Step by step solution

01

Calculate the volume charge density

Since the total charge q is uniformly distributed throughout the sphere, we can calculate the volume charge density ρ by dividing the total charge by the volume of the sphere. The volume of the sphere can be calculated using the formula \(V = \frac{4}{3}\pi R^3\) , so the volume charge density is given by: \(\rho = \frac{q}{\frac{4}{3}\pi R^3}\) .
02

Apply Gauss's law for r ≥ R (Outside the sphere)

For r ≥ R, we will take a Gaussian surface as a sphere with radius r. The total enclosed charge on this Gaussian surface is equal to the total charge of the sphere which is q. According to Gauss's law, we can write: \(\oint \vec{E} \cdot d\vec{A} = \frac{Q_{\text{enclosed}}}{\epsilon_0}\) , where E is the electric field, and \(\epsilon_0\) is the permittivity of free space. The electric field is radial and symmetrical; thus, it is constant at any point on the Gaussian surface. Therefore, we can simplify the equation as: \(E \oint dA = \frac{q}{\epsilon_0}\) . Since the integral \(\oint dA\) represents the total surface area of the Gaussian sphere, we can write: \(E(4 \pi r^2) = \frac{q}{\epsilon_0}\) . From this equation, we can find the electric field outside the sphere (r ≥ R) as: \(E(r) = \frac{q}{4 \pi \epsilon_0 r^2}\) , for r ≥ R.
03

Apply Gauss's law for r ≤ R (Inside the sphere)

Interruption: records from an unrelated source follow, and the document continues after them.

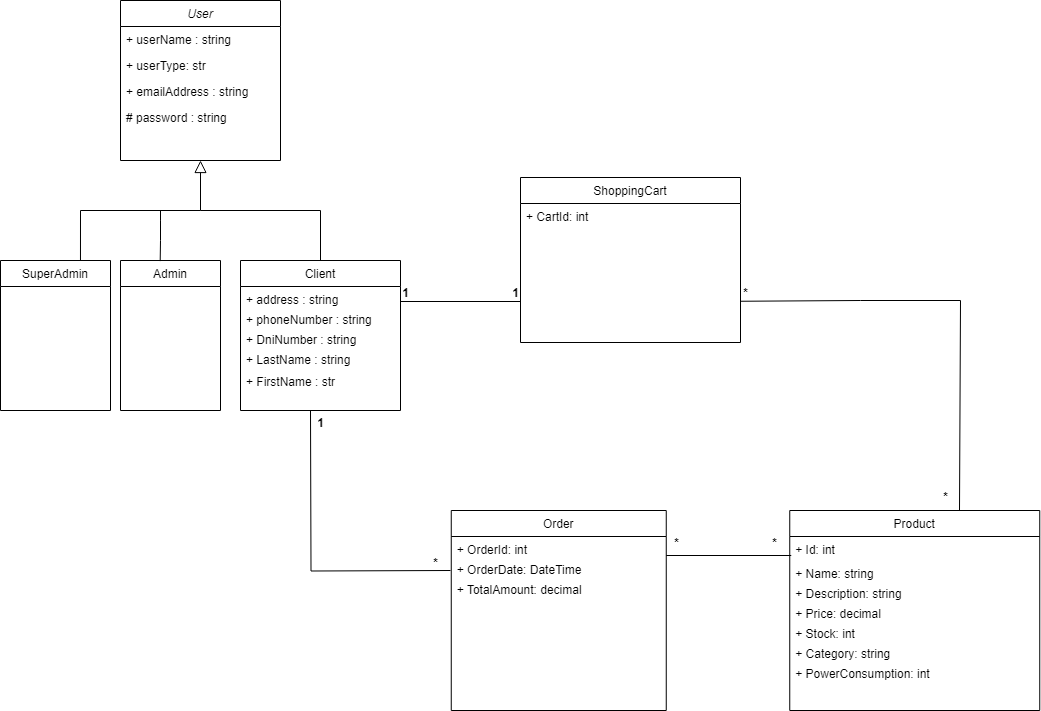

The diagram above was exported from draw.io. Its source (the exported page's mxGraphModel, read from the mxfile embedded in the PNG):
<mxGraphModel dx="1434" dy="746" grid="1" gridSize="10" guides="1" tooltips="1" connect="1" arrows="1" fold="1" page="1" pageScale="1" pageWidth="1169" pageHeight="827" math="0" shadow="0">
  <root>
    <mxCell id="0" />
    <mxCell id="1" parent="0" />
    <mxCell id="nGRg95PO0MvXpJxq2zG1-1" value="User" style="swimlane;fontStyle=2;align=center;verticalAlign=top;childLayout=stackLayout;horizontal=1;startSize=26;horizontalStack=0;resizeParent=1;resizeLast=0;collapsible=1;marginBottom=0;rounded=0;shadow=0;strokeWidth=1;" parent="1" vertex="1">
      <mxGeometry x="130" y="20" width="160" height="160" as="geometry">
        <mxRectangle x="150" y="40" width="160" height="26" as="alternateBounds" />
      </mxGeometry>
    </mxCell>
    <mxCell id="nGRg95PO0MvXpJxq2zG1-2" value="+ userName : string" style="text;align=left;verticalAlign=top;spacingLeft=4;spacingRight=4;overflow=hidden;rotatable=0;points=[[0,0.5],[1,0.5]];portConstraint=eastwest;" parent="nGRg95PO0MvXpJxq2zG1-1" vertex="1">
      <mxGeometry y="26" width="160" height="26" as="geometry" />
    </mxCell>
    <mxCell id="nGRg95PO0MvXpJxq2zG1-3" value="+ userType: str&#10;" style="text;align=left;verticalAlign=top;spacingLeft=4;spacingRight=4;overflow=hidden;rotatable=0;points=[[0,0.5],[1,0.5]];portConstraint=eastwest;" parent="nGRg95PO0MvXpJxq2zG1-1" vertex="1">
      <mxGeometry y="52" width="160" height="26" as="geometry" />
    </mxCell>
    <mxCell id="nGRg95PO0MvXpJxq2zG1-4" value="+ emailAddress : string" style="text;align=left;verticalAlign=top;spacingLeft=4;spacingRight=4;overflow=hidden;rotatable=0;points=[[0,0.5],[1,0.5]];portConstraint=eastwest;" parent="nGRg95PO0MvXpJxq2zG1-1" vertex="1">
      <mxGeometry y="78" width="160" height="26" as="geometry" />
    </mxCell>
    <mxCell id="nGRg95PO0MvXpJxq2zG1-5" value="# password : string" style="text;align=left;verticalAlign=top;spacingLeft=4;spacingRight=4;overflow=hidden;rotatable=0;points=[[0,0.5],[1,0.5]];portConstraint=eastwest;" parent="nGRg95PO0MvXpJxq2zG1-1" vertex="1">
      <mxGeometry y="104" width="160" height="26" as="geometry" />
    </mxCell>
    <mxCell id="nGRg95PO0MvXpJxq2zG1-6" value="Client" style="swimlane;fontStyle=0;align=center;verticalAlign=top;childLayout=stackLayout;horizontal=1;startSize=26;horizontalStack=0;resizeParent=1;resizeLast=0;collapsible=1;marginBottom=0;rounded=0;shadow=0;strokeWidth=1;" parent="1" vertex="1">
      <mxGeometry x="250" y="280" width="160" height="150" as="geometry">
        <mxRectangle x="130" y="380" width="160" height="26" as="alternateBounds" />
      </mxGeometry>
    </mxCell>
    <mxCell id="nGRg95PO0MvXpJxq2zG1-12" value="+ address : string" style="text;align=left;verticalAlign=top;spacingLeft=4;spacingRight=4;overflow=hidden;rotatable=0;points=[[0,0.5],[1,0.5]];portConstraint=eastwest;" parent="nGRg95PO0MvXpJxq2zG1-6" vertex="1">
      <mxGeometry y="26" width="160" height="20" as="geometry" />
    </mxCell>
    <mxCell id="nGRg95PO0MvXpJxq2zG1-14" value="+ phoneNumber : string" style="text;align=left;verticalAlign=top;spacingLeft=4;spacingRight=4;overflow=hidden;rotatable=0;points=[[0,0.5],[1,0.5]];portConstraint=eastwest;" parent="nGRg95PO0MvXpJxq2zG1-6" vertex="1">
      <mxGeometry y="46" width="160" height="20" as="geometry" />
    </mxCell>
    <mxCell id="nGRg95PO0MvXpJxq2zG1-10" value="+ DniNumber : string" style="text;align=left;verticalAlign=top;spacingLeft=4;spacingRight=4;overflow=hidden;rotatable=0;points=[[0,0.5],[1,0.5]];portConstraint=eastwest;" parent="nGRg95PO0MvXpJxq2zG1-6" vertex="1">
      <mxGeometry y="66" width="160" height="20" as="geometry" />
    </mxCell>
    <mxCell id="nGRg95PO0MvXpJxq2zG1-9" value="+ LastName : string" style="text;align=left;verticalAlign=top;spacingLeft=4;spacingRight=4;overflow=hidden;rotatable=0;points=[[0,0.5],[1,0.5]];portConstraint=eastwest;" parent="nGRg95PO0MvXpJxq2zG1-6" vertex="1">
      <mxGeometry y="86" width="160" height="22" as="geometry" />
    </mxCell>
    <mxCell id="nGRg95PO0MvXpJxq2zG1-8" value="+ FirstName : str" style="text;align=left;verticalAlign=top;spacingLeft=4;spacingRight=4;overflow=hidden;rotatable=0;points=[[0,0.5],[1,0.5]];portConstraint=eastwest;" parent="nGRg95PO0MvXpJxq2zG1-6" vertex="1">
      <mxGeometry y="108" width="160" height="18" as="geometry" />
    </mxCell>
    <mxCell id="nGRg95PO0MvXpJxq2zG1-23" value="" style="endArrow=block;endSize=10;endFill=0;shadow=0;strokeWidth=1;rounded=0;curved=0;edgeStyle=elbowEdgeStyle;elbow=vertical;" parent="1" source="nGRg95PO0MvXpJxq2zG1-6" target="nGRg95PO0MvXpJxq2zG1-1" edge="1">
      <mxGeometry width="160" relative="1" as="geometry">
        <mxPoint x="400" y="223" as="sourcePoint" />
        <mxPoint x="400" y="223" as="targetPoint" />
      </mxGeometry>
    </mxCell>
    <mxCell id="nGRg95PO0MvXpJxq2zG1-26" value="SuperAdmin" style="swimlane;fontStyle=0;align=center;verticalAlign=top;childLayout=stackLayout;horizontal=1;startSize=26;horizontalStack=0;resizeParent=1;resizeLast=0;collapsible=1;marginBottom=0;rounded=0;shadow=0;strokeWidth=1;" parent="1" vertex="1">
      <mxGeometry x="10" y="280" width="110" height="150" as="geometry">
        <mxRectangle x="340" y="380" width="170" height="26" as="alternateBounds" />
      </mxGeometry>
    </mxCell>
    <mxCell id="nGRg95PO0MvXpJxq2zG1-33" value="Admin" style="swimlane;fontStyle=0;align=center;verticalAlign=top;childLayout=stackLayout;horizontal=1;startSize=26;horizontalStack=0;resizeParent=1;resizeLast=0;collapsible=1;marginBottom=0;rounded=0;shadow=0;strokeWidth=1;" parent="1" vertex="1">
      <mxGeometry x="130" y="280" width="100" height="150" as="geometry">
        <mxRectangle x="340" y="380" width="170" height="26" as="alternateBounds" />
      </mxGeometry>
    </mxCell>
    <mxCell id="nGRg95PO0MvXpJxq2zG1-43" value="" style="endArrow=none;html=1;rounded=0;entryX=0.397;entryY=0.004;entryDx=0;entryDy=0;entryPerimeter=0;" parent="1" target="nGRg95PO0MvXpJxq2zG1-33" edge="1">
      <mxGeometry width="50" height="50" relative="1" as="geometry">
        <mxPoint x="170" y="240" as="sourcePoint" />
        <mxPoint x="560" y="230" as="targetPoint" />
        <Array as="points">
          <mxPoint x="170" y="230" />
          <mxPoint x="170" y="240" />
          <mxPoint x="170" y="260" />
        </Array>
      </mxGeometry>
    </mxCell>
    <mxCell id="nGRg95PO0MvXpJxq2zG1-46" value="Product" style="swimlane;fontStyle=0;align=center;verticalAlign=top;childLayout=stackLayout;horizontal=1;startSize=26;horizontalStack=0;resizeParent=1;resizeLast=0;collapsible=1;marginBottom=0;rounded=0;shadow=0;strokeWidth=1;" parent="1" vertex="1">
      <mxGeometry x="799.25" y="530" width="250" height="200" as="geometry">
        <mxRectangle x="150" y="40" width="160" height="26" as="alternateBounds" />
      </mxGeometry>
    </mxCell>
    <mxCell id="nGRg95PO0MvXpJxq2zG1-47" value="+ Id: int" style="text;align=left;verticalAlign=top;spacingLeft=4;spacingRight=4;overflow=hidden;rotatable=0;points=[[0,0.5],[1,0.5]];portConstraint=eastwest;" parent="nGRg95PO0MvXpJxq2zG1-46" vertex="1">
      <mxGeometry y="26" width="250" height="24" as="geometry" />
    </mxCell>
    <mxCell id="nGRg95PO0MvXpJxq2zG1-48" value="+ Name: string" style="text;align=left;verticalAlign=top;spacingLeft=4;spacingRight=4;overflow=hidden;rotatable=0;points=[[0,0.5],[1,0.5]];portConstraint=eastwest;" parent="nGRg95PO0MvXpJxq2zG1-46" vertex="1">
      <mxGeometry y="50" width="250" height="20" as="geometry" />
    </mxCell>
    <mxCell id="nGRg95PO0MvXpJxq2zG1-49" value="+ Description: string" style="text;align=left;verticalAlign=top;spacingLeft=4;spacingRight=4;overflow=hidden;rotatable=0;points=[[0,0.5],[1,0.5]];portConstraint=eastwest;" parent="nGRg95PO0MvXpJxq2zG1-46" vertex="1">
      <mxGeometry y="70" width="250" height="20" as="geometry" />
    </mxCell>
    <mxCell id="nGRg95PO0MvXpJxq2zG1-50" value="+ Price: decimal" style="text;align=left;verticalAlign=top;spacingLeft=4;spacingRight=4;overflow=hidden;rotatable=0;points=[[0,0.5],[1,0.5]];portConstraint=eastwest;" parent="nGRg95PO0MvXpJxq2zG1-46" vertex="1">
      <mxGeometry y="90" width="250" height="20" as="geometry" />
    </mxCell>
    <mxCell id="nGRg95PO0MvXpJxq2zG1-51" value="+ Stock: int" style="text;align=left;verticalAlign=top;spacingLeft=4;spacingRight=4;overflow=hidden;rotatable=0;points=[[0,0.5],[1,0.5]];portConstraint=eastwest;" parent="nGRg95PO0MvXpJxq2zG1-46" vertex="1">
      <mxGeometry y="110" width="250" height="20" as="geometry" />
    </mxCell>
    <mxCell id="nGRg95PO0MvXpJxq2zG1-52" value="+ Category: string" style="text;align=left;verticalAlign=top;spacingLeft=4;spacingRight=4;overflow=hidden;rotatable=0;points=[[0,0.5],[1,0.5]];portConstraint=eastwest;" parent="nGRg95PO0MvXpJxq2zG1-46" vertex="1">
      <mxGeometry y="130" width="250" height="20" as="geometry" />
    </mxCell>
    <mxCell id="nGRg95PO0MvXpJxq2zG1-55" value="+ PowerConsumption: int" style="text;align=left;verticalAlign=top;spacingLeft=4;spacingRight=4;overflow=hidden;rotatable=0;points=[[0,0.5],[1,0.5]];portConstraint=eastwest;" parent="nGRg95PO0MvXpJxq2zG1-46" vertex="1">
      <mxGeometry y="150" width="250" height="20" as="geometry" />
    </mxCell>
    <mxCell id="nGRg95PO0MvXpJxq2zG1-59" value="" style="line;strokeWidth=1;html=1;" parent="1" vertex="1">
      <mxGeometry x="410" y="316" width="120" height="10" as="geometry" />
    </mxCell>
    <mxCell id="nGRg95PO0MvXpJxq2zG1-60" value="ShoppingCart" style="swimlane;fontStyle=0;align=center;verticalAlign=top;childLayout=stackLayout;horizontal=1;startSize=26;horizontalStack=0;resizeParent=1;resizeLast=0;collapsible=1;marginBottom=0;rounded=0;shadow=0;strokeWidth=1;" parent="1" vertex="1">
      <mxGeometry x="530" y="197" width="220" height="165" as="geometry">
        <mxRectangle x="150" y="40" width="160" height="26" as="alternateBounds" />
      </mxGeometry>
    </mxCell>
    <mxCell id="nGRg95PO0MvXpJxq2zG1-61" value="+ CartId: int" style="text;align=left;verticalAlign=top;spacingLeft=4;spacingRight=4;overflow=hidden;rotatable=0;points=[[0,0.5],[1,0.5]];portConstraint=eastwest;" parent="nGRg95PO0MvXpJxq2zG1-60" vertex="1">
      <mxGeometry y="26" width="220" height="24" as="geometry" />
    </mxCell>
    <mxCell id="nGRg95PO0MvXpJxq2zG1-67" value="Order" style="swimlane;fontStyle=0;align=center;verticalAlign=top;childLayout=stackLayout;horizontal=1;startSize=26;horizontalStack=0;resizeParent=1;resizeLast=0;collapsible=1;marginBottom=0;rounded=0;shadow=0;strokeWidth=1;" parent="1" vertex="1">
      <mxGeometry x="460.75" y="530" width="215" height="200" as="geometry">
        <mxRectangle x="150" y="40" width="160" height="26" as="alternateBounds" />
      </mxGeometry>
    </mxCell>
    <mxCell id="nGRg95PO0MvXpJxq2zG1-68" value="+ OrderId: int" style="text;align=left;verticalAlign=top;spacingLeft=4;spacingRight=4;overflow=hidden;rotatable=0;points=[[0,0.5],[1,0.5]];portConstraint=eastwest;" parent="nGRg95PO0MvXpJxq2zG1-67" vertex="1">
      <mxGeometry y="26" width="215" height="20" as="geometry" />
    </mxCell>
    <mxCell id="nGRg95PO0MvXpJxq2zG1-69" value="+ OrderDate: DateTime" style="text;align=left;verticalAlign=top;spacingLeft=4;spacingRight=4;overflow=hidden;rotatable=0;points=[[0,0.5],[1,0.5]];portConstraint=eastwest;" parent="nGRg95PO0MvXpJxq2zG1-67" vertex="1">
      <mxGeometry y="46" width="215" height="20" as="geometry" />
    </mxCell>
    <mxCell id="nGRg95PO0MvXpJxq2zG1-70" value="+ TotalAmount: decimal" style="text;align=left;verticalAlign=top;spacingLeft=4;spacingRight=4;overflow=hidden;rotatable=0;points=[[0,0.5],[1,0.5]];portConstraint=eastwest;" parent="nGRg95PO0MvXpJxq2zG1-67" vertex="1">
      <mxGeometry y="66" width="215" height="20" as="geometry" />
    </mxCell>
    <mxCell id="nGRg95PO0MvXpJxq2zG1-85" value="*" style="text;align=center;fontStyle=1;verticalAlign=middle;spacingLeft=3;spacingRight=3;strokeColor=none;rotatable=0;points=[[0,0.5],[1,0.5]];portConstraint=eastwest;html=1;" parent="1" vertex="1">
      <mxGeometry x="759.25" y="550" width="50" height="26" as="geometry" />
    </mxCell>
    <mxCell id="nGRg95PO0MvXpJxq2zG1-86" value="*" style="text;align=center;fontStyle=1;verticalAlign=middle;spacingLeft=3;spacingRight=3;strokeColor=none;rotatable=0;points=[[0,0.5],[1,0.5]];portConstraint=eastwest;html=1;" parent="1" vertex="1">
      <mxGeometry x="660.75" y="550" width="50" height="26" as="geometry" />
    </mxCell>
    <mxCell id="nGRg95PO0MvXpJxq2zG1-90" value="1" style="text;align=center;fontStyle=1;verticalAlign=middle;spacingLeft=3;spacingRight=3;strokeColor=none;rotatable=0;points=[[0,0.5],[1,0.5]];portConstraint=eastwest;html=1;" parent="1" vertex="1">
      <mxGeometry x="390" y="300" width="50" height="26" as="geometry" />
    </mxCell>
    <mxCell id="S4koeOwnV70y2ypYBdmj-1" value="1" style="text;align=center;fontStyle=1;verticalAlign=middle;spacingLeft=3;spacingRight=3;strokeColor=none;rotatable=0;points=[[0,0.5],[1,0.5]];portConstraint=eastwest;html=1;" parent="1" vertex="1">
      <mxGeometry x="500" y="300" width="50" height="26" as="geometry" />
    </mxCell>
    <mxCell id="S4koeOwnV70y2ypYBdmj-2" value="1" style="text;align=center;fontStyle=1;verticalAlign=middle;spacingLeft=3;spacingRight=3;strokeColor=none;rotatable=0;points=[[0,0.5],[1,0.5]];portConstraint=eastwest;html=1;" parent="1" vertex="1">
      <mxGeometry x="305" y="430" width="50" height="26" as="geometry" />
    </mxCell>
    <mxCell id="S4koeOwnV70y2ypYBdmj-3" value="*" style="text;align=center;fontStyle=1;verticalAlign=middle;spacingLeft=3;spacingRight=3;strokeColor=none;rotatable=0;points=[[0,0.5],[1,0.5]];portConstraint=eastwest;html=1;" parent="1" vertex="1">
      <mxGeometry x="420" y="570" width="50" height="26" as="geometry" />
    </mxCell>
    <mxCell id="MsWq6oy7DJjx7_rGEvgq-1" value="" style="endArrow=none;html=1;rounded=0;entryX=0.727;entryY=0.003;entryDx=0;entryDy=0;entryPerimeter=0;" parent="1" target="nGRg95PO0MvXpJxq2zG1-26" edge="1">
      <mxGeometry width="50" height="50" relative="1" as="geometry">
        <mxPoint x="210" y="230" as="sourcePoint" />
        <mxPoint x="90" y="270" as="targetPoint" />
        <Array as="points">
          <mxPoint x="210" y="230" />
          <mxPoint x="90" y="230" />
        </Array>
      </mxGeometry>
    </mxCell>
    <mxCell id="c7XbX59BlPHm_iatxZjt-1" style="edgeStyle=orthogonalEdgeStyle;rounded=0;orthogonalLoop=1;jettySize=auto;html=1;strokeColor=default;endArrow=none;endFill=0;" parent="1" edge="1">
      <mxGeometry relative="1" as="geometry">
        <mxPoint x="320" y="430" as="targetPoint" />
        <mxPoint x="460" y="590" as="sourcePoint" />
      </mxGeometry>
    </mxCell>
    <mxCell id="DzxHsV_jMYB7Vm4f8oI4-2" value="" style="line;strokeWidth=1;html=1;" parent="1" vertex="1">
      <mxGeometry x="675.75" y="570" width="125" height="10" as="geometry" />
    </mxCell>
    <mxCell id="DzxHsV_jMYB7Vm4f8oI4-4" value="" style="endArrow=none;html=1;rounded=0;exitX=1;exitY=0.75;exitDx=0;exitDy=0;" parent="1" source="nGRg95PO0MvXpJxq2zG1-60" edge="1">
      <mxGeometry width="50" height="50" relative="1" as="geometry">
        <mxPoint x="840" y="280" as="sourcePoint" />
        <mxPoint x="969" y="530" as="targetPoint" />
        <Array as="points">
          <mxPoint x="870" y="320" />
          <mxPoint x="970" y="320" />
        </Array>
      </mxGeometry>
    </mxCell>
    <mxCell id="DzxHsV_jMYB7Vm4f8oI4-5" value="*" style="text;align=center;fontStyle=1;verticalAlign=middle;spacingLeft=3;spacingRight=3;strokeColor=none;rotatable=0;points=[[0,0.5],[1,0.5]];portConstraint=eastwest;html=1;" parent="1" vertex="1">
      <mxGeometry x="730" y="300" width="50" height="26" as="geometry" />
    </mxCell>
    <mxCell id="DzxHsV_jMYB7Vm4f8oI4-6" value="*" style="text;align=center;fontStyle=1;verticalAlign=middle;spacingLeft=3;spacingRight=3;strokeColor=none;rotatable=0;points=[[0,0.5],[1,0.5]];portConstraint=eastwest;html=1;" parent="1" vertex="1">
      <mxGeometry x="930" y="504" width="50" height="26" as="geometry" />
    </mxCell>
  </root>
</mxGraphModel>

For r ≤ R, we will again take a Gaussian surface as a sphere with radius r, but this time with r ≤ R. The enclosed charge within this sphere can be determined by multiplying the volume charge density ρ by the volume enclosed by the Gaussian surface, which is \(\frac{4}{3}\pi r^3\) . Thus, we have: \(Q_{\text{enclosed}} = \rho \left(\frac{4}{3}\pi r^3\right) = \frac{q}{\frac{4}{3}\pi R^3} \left(\frac{4}{3}\pi r^3\right)\) . Applying Gauss's law, we can write: \(E \oint dA = \frac{Q_{\text{enclosed}}}{\epsilon_0}\) . Since the electric field is constant on the surface, we can simplify the equation as: \(E(4 \pi r^2) = \frac{q}{\epsilon_0} \frac{r^3}{R^3}\) . From this equation, we can find the electric field inside the sphere (r ≤ R) as: \(E(r) = \frac{q}{4 \pi \epsilon_0 R^3} r\) , for r ≤ R.
04

Sketch the graph of E(r) for 0 ≤ r ≤ 3R

To sketch the graph, we will plot the two equations found in steps 2 and 3 for r ≤ R and r ≥ R, respectively. We know that for r ≤ R, the electric field increases linearly with r, and for r ≥ R, the electric field decreases with the square of the distance (1/r^2). The graph will show an increasing linear behavior for r ≤ R and a decreasing curve for r ≥ R, consistently meeting at the point (R, E(R)). This point represents the maximum electric field value on the surface of the sphere.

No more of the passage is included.